この551 砂嵐とよいこ

ネームが終わると心は砂嵐状態になる。
使えそうな部品はごっそり引っこ抜いてしまったような。
なにも映らないのにガーガーザーザーやかましいテレビみたいになる。
こういうときは寝るに限る。
編集さんに電話で起こされないよう、連絡は何時以降にお願いしますとメールしてさっさと布団に入る。
それで砂嵐が落ちついてから原稿作業に入るのがだいたいいつもの流れ。

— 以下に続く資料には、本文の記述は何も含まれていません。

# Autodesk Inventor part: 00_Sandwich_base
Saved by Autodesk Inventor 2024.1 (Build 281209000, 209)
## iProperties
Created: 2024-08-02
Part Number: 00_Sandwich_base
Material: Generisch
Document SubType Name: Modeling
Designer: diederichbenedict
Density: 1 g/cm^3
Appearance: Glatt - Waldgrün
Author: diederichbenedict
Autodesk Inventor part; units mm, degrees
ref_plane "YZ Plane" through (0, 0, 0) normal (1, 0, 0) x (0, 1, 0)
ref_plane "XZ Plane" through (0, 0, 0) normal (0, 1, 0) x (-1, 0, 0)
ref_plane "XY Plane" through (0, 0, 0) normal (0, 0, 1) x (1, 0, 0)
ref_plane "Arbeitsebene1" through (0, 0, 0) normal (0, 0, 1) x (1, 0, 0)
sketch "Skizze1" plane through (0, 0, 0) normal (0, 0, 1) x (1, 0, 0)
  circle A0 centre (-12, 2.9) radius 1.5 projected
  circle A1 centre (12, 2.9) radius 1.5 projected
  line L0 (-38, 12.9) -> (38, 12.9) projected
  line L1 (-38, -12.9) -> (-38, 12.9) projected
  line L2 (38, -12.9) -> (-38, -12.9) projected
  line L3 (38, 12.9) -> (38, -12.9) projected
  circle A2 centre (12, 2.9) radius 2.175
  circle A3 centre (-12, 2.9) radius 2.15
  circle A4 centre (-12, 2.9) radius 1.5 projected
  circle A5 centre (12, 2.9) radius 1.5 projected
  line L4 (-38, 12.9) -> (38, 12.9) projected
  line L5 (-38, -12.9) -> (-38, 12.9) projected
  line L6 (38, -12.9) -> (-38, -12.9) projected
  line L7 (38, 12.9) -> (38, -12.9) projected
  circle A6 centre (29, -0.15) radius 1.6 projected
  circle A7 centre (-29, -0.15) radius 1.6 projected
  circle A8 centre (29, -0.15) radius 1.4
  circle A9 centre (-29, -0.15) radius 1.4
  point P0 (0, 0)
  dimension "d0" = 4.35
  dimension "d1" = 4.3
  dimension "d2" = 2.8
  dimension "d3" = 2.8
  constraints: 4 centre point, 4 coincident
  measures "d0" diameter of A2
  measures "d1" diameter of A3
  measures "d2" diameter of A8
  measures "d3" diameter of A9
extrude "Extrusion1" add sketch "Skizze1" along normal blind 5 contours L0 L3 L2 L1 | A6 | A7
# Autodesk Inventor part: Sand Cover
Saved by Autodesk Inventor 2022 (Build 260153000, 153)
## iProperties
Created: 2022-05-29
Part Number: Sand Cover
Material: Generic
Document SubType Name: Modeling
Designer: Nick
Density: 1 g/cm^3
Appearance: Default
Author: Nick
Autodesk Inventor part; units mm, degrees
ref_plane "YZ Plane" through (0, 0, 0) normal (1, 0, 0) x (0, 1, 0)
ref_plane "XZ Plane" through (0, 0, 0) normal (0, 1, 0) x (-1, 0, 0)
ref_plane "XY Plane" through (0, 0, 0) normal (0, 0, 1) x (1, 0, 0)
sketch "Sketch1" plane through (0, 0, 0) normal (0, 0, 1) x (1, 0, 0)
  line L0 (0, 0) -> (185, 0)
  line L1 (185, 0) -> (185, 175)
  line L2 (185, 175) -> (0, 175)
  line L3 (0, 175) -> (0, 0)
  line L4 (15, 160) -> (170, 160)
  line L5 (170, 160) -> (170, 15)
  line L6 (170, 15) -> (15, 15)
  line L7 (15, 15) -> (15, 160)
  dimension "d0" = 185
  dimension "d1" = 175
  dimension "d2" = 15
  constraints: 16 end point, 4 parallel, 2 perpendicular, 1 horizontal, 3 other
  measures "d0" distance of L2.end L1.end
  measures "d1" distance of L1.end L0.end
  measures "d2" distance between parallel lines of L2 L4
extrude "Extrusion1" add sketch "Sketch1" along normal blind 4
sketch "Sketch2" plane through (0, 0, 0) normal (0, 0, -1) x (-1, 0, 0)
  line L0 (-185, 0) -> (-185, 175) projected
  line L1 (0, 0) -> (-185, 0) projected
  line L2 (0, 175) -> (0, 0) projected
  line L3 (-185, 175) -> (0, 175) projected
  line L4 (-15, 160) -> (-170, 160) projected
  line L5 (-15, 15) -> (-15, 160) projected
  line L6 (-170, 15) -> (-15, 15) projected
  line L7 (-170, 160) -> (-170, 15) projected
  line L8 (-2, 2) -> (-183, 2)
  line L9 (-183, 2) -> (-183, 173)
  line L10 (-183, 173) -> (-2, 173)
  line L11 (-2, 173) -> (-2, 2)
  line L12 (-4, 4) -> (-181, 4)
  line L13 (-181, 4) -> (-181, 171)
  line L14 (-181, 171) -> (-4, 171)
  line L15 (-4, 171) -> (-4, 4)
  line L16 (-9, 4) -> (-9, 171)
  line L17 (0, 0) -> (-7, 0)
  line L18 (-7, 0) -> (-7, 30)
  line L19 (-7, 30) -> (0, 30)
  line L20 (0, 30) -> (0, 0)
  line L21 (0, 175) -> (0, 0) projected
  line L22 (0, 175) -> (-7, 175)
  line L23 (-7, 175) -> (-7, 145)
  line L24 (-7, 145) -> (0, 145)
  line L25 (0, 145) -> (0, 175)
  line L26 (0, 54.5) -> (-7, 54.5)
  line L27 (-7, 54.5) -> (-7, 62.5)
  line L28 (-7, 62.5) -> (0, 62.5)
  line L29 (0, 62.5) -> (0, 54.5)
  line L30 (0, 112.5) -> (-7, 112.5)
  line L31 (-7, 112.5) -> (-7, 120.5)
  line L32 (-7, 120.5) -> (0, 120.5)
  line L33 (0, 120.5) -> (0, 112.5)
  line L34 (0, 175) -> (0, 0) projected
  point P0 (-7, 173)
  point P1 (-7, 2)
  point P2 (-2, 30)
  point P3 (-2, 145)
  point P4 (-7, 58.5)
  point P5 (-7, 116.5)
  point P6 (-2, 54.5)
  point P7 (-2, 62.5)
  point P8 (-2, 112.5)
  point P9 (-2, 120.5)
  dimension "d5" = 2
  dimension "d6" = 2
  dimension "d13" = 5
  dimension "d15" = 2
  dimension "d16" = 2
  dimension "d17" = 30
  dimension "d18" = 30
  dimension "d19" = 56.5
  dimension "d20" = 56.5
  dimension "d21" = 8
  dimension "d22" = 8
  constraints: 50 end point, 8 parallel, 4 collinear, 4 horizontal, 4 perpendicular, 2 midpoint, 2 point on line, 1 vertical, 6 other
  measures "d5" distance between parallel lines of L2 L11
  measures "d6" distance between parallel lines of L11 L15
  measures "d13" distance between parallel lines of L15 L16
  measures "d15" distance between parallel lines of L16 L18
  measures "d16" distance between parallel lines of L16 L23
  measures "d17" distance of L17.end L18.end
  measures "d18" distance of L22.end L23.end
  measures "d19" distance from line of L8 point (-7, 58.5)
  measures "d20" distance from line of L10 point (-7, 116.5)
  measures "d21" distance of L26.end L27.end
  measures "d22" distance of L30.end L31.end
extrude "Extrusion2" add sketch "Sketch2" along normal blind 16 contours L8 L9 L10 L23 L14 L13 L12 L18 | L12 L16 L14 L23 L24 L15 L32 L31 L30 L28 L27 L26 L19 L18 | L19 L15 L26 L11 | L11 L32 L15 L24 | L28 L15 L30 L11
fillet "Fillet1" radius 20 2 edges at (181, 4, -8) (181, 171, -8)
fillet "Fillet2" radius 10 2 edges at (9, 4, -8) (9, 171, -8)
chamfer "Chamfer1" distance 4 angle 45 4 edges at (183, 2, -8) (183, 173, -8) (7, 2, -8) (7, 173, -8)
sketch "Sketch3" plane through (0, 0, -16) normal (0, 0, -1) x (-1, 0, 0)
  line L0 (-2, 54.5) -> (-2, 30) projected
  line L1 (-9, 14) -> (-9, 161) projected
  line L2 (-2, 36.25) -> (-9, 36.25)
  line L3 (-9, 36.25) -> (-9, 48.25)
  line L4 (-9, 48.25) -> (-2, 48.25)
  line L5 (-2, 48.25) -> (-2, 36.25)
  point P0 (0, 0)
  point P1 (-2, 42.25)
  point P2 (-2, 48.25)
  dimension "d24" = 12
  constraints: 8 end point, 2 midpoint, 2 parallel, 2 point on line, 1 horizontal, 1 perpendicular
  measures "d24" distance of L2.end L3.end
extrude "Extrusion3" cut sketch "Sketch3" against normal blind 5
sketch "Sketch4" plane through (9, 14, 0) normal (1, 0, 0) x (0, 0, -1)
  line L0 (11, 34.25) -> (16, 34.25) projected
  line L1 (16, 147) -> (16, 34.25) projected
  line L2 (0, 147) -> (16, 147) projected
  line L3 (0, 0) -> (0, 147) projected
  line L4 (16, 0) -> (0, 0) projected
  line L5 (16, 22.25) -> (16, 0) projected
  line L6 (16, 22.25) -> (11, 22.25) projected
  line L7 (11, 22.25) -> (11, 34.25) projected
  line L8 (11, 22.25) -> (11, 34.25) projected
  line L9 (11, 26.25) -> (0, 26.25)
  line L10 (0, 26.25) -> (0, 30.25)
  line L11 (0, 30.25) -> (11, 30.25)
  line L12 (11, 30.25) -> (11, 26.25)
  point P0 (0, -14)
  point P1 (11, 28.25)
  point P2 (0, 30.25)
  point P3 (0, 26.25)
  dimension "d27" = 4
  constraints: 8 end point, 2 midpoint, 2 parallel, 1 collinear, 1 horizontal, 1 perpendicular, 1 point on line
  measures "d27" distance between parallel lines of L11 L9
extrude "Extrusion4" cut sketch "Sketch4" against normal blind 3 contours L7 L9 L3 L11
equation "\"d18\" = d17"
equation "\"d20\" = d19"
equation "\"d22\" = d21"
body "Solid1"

なのだけど。

ときどき、砂嵐がいっこうにおさまらず、むしろ増幅して気持ちを荒らしまくることがある。
こうなるととても作画なんてできない。
寝ることも起きて活動することもできず、石のようにうずくまったまま、凶暴な気持ちをかかえて1日半とか2日とかをふいにしてしまう。

ところで猫という装置は、飼い主のたいていの苦痛をうやむやにする機能を標準搭載している。
しかし、猛烈な砂嵐におけるうやむや効果はとても短い。
背中を撫でた手を浮かせた瞬間に愛着がかき消される気がして、焦燥感から少し手荒にわしづかんでしまったりする。ごめん。
廃人の殺伐荒涼とした精神状態、猫にも伝わるものはあるのだろうか。
伝わっていないのか、伝わったうえでとくに態度を変えないことにしているのかわからないけれど、猫はいつもとかわらず、手を伸ばせば簡単に触れられる距離で目やにをぶらさげて眠っている。

どうしてうちの猫の情緒はこんなに安定しているんだろう。
いつもと変わらず、寝て起きてひっくりかえって腹を見せたまま顔を洗い餌を催促し出そうならトイレに寄り爪を研ぎあくびをしてまた定位置で眠る。

観察して学びを得られるような心の安寧を持った飼い主ではないのである。ムラっ気の強さは家庭内で飼い主が突出している。
きみたちをこんな気立てのよい子に育てた覚えはない。
もうすこしくらい悪い子だって寒空に放り出したりなんかしないのに。

うちの猫は性格がいい。
生後3ヶ月までに相当高度な教育を親猫から受けたのかもしれない。
私も受けたい。
そして朝起きて日を浴びて真面目に家事をこなし誠実丁寧に漫画を描き酒は適量を超えることなく毎晩お風呂に入って髪を乾かしてから日付が変わるまえに床につく、そういうひとにわたしはなりたい。
希望はかなわないことはわかっている。
たぶんひとつもかなわない。
希望を持てるようになりさえすればまあよいのである。
ベーコンとたまごとチーズをパンにはさんで、作画の遅れを取り戻しにかかる。